Rahman olan, rahim olan, ğani olan, ğaffar olan, aziz olan, istediği zaman istediğini verme ve alma gücüne sahip olan yüce Allah (c.c.)’ı zikrederken; bizi ‘İKRA’(Yaratan Rabbinin adıyla oku. İnsanı yapışkan bir hücreden yaratan…) emri ile kendine muhatap edip, namazı ile huzuruna kabul buyuran, secde ile kendisine yakınlaştıran, dua ile istetip istediğimizi verene binlerce hamdler; salât ve selam gözümün nuru buyurduğu namazı miraçta bizlere hediye getiren Efendimiz Muhammed Mustafa (s.a.v.)’ya olsun.

         Kıymetli dostlarım 14 – 20 Nisan 2015 tarihleri arası Kutlu Nebi’ (s.a.v.)’nin 1444. Doğum yıl dönümü olan Kutlu Doğumu anısına “Efendim (s.a.v.)’e Arzuhalimle” birkaç kelime sunmak istedim. Bu vesileyle Rabbim O Nebi (s.a.v.)’ye cümlemizi ümmet eyleyip, yarın mahşerde civarı Mustafa (s.a.v.) kılsın.
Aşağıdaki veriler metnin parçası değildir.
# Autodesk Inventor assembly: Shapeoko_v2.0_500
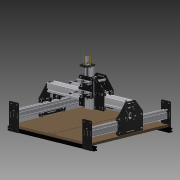
[picture p0: Inventor's stored thumbnail of the model, 180x180]
Saved by Autodesk Inventor 2014 (Build 180170000, 170)
## iProperties
Created: 2013-09-18
Part Number: Shapeoko_v2.0_500
Document SubType Name: Assembly
Designer: Edward
Author: Edward
## Documents named in this file (7)
- C:\Users\Edward\Documents\GitHub\Shapeoko_2\Shapeoko_2.iam
- C:\Users\Edward\Documents\GitHub\Shapeoko_2\25287-02.ipt
- C:\Users\Edward\Documents\GitHub\Shapeoko_2\25286-01.ipt
- C:\Users\Edward\Documents\GitHub\Shapeoko_2\26016-01.ipt
- C:\Users\Edward\Documents\GitHub\Shapeoko_2\S2_Yaxis_Rail_500.iam
- C:\Users\Edward\Documents\GitHub\Shapeoko_2\S2_Xaxis_500.iam
- C:\Users\Edward\Documents\GitHub\Shapeoko_2\S2_Work_Area_500.iam
## Components (28 placed, 6 different names)
1. S2_Work_Area_500:1 [sub-assembly] — Mate:1, Flush:1, Mate:2, Flush:2, Flush:4
2. S2_Yaxis_Rail_500:1 [sub-assembly] — Mate:2, Flush:2, Mate:4, Flush:3, Insert:3, Insert:6, Flush:4
3. S2_Yaxis_Rail_500:2 [sub-assembly] — Mate:1, Flush:1, Mate:3
4. S2_Xaxis_500:1 [sub-assembly] — Mate:3, Mate:4, Flush:3
5. 26016-01:1
6. 25287-02:1 — Insert:3
7. 25286-01:1
8. 26016-01:2
9. 25287-02:2
10. 25286-01:2
11. 26016-01:3
12. 25287-02:3
13. 25286-01:3
14. 26016-01:4
15. 25287-02:4
16. 25286-01:4
17. 25287-02:5 — Insert:6
18. 25286-01:5
19. 26016-01:5
20. 25287-02:6
21. 25286-01:6
22. 26016-01:6
23. 25287-02:7
24. 25286-01:7
25. 26016-01:7
26. 25287-02:8
27. 25286-01:8
28. 26016-01:8
## Component patterns: Front_fasteners (2 elements), Rear Fasteners (2 elements), (2 elements, first: 26016-01:1 + 25287-02:1 + 25286-01:1), Component Pattern 1:2 (2 elements), (2 elements, first: 25287-02:5 + 25286-01:5 + 26016-01:5), Component Pattern 3:2 (2 elements)
## Relationships (14: Insert 6, Mate 4, Flush 4)
- Mate:1: S2_Work_Area_500:1 ↔ S2_Yaxis_Rail_500:2
- Flush:1: S2_Work_Area_500:1 ↔ S2_Yaxis_Rail_500:2
- Mate:2: S2_Work_Area_500:1 ↔ S2_Yaxis_Rail_500:1
- Flush:2: S2_Work_Area_500:1 ↔ S2_Yaxis_Rail_500:1
- Mate:3 (6.35 mm): S2_Yaxis_Rail_500:2 ↔ S2_Xaxis_500:1
- Mate:4 (6.35 mm): S2_Yaxis_Rail_500:1 ↔ S2_Xaxis_500:1
- Flush:3 (-25 mm): S2_Yaxis_Rail_500:1 ↔ S2_Xaxis_500:1
- [Insert]: 25287-02:1 ↔ 25286-01:1
- [Insert] (5.416 mm): 26016-01:1 ↔ 25287-02:1
- Insert:3: S2_Yaxis_Rail_500:1 ↔ 25287-02:1
- [Insert]: 25287-02:5 ↔ 25286-01:5
- [Insert] (5.416 mm): 25287-02:5 ↔ 26016-01:5
- Insert:6: S2_Yaxis_Rail_500:1 ↔ 25287-02:5
- Flush:4 (11.35 mm): S2_Work_Area_500:1 ↔ S2_Yaxis_Rail_500:1
## Named parameters: d128_d120 = 0 mm, d129_d123 = 5.416 mm, d22_d128_d120 = 0 mm, d23_d129_d123 = 5.416 mm

         Dostlar malumunuz olduğu üzere Efendimiz (s.a.v.) kıyamete kadar sürecek olan risalet döneminde dünya ya gelen bütün insanlık, O’(s.a.v.)’na iman etsin yâda etmesin, ümmeti Muhammed (s.a.v.) olarak vasıflandırılmıştır. O (s.a.v.)’na iman edenlere Ümmeti İcabe, iman etmeyenlere ise, ümmeti gayri icabe denir. Ya Rabbi bizleri kendine hakiki kul, habibine gerçek manada ümmet olma şuuruyla yaşamayı nasip eyle…

         Ey kâinatın nuru, gönüllerimizin süsü Efendim (s.a.v.), yaz uğramıyor gönül bahçemize. İman, irfan, edep, haya, fazilet, saadet, kardeşlik kurumaya yüz tuttu. Mevsimler bile eski özelliğini kaybetti. Hoşgörülü insanlar yavaş yavaş yoklara doğru mahsun, mazlum bir şekilde yol almışlar Efendim (s.a.v.).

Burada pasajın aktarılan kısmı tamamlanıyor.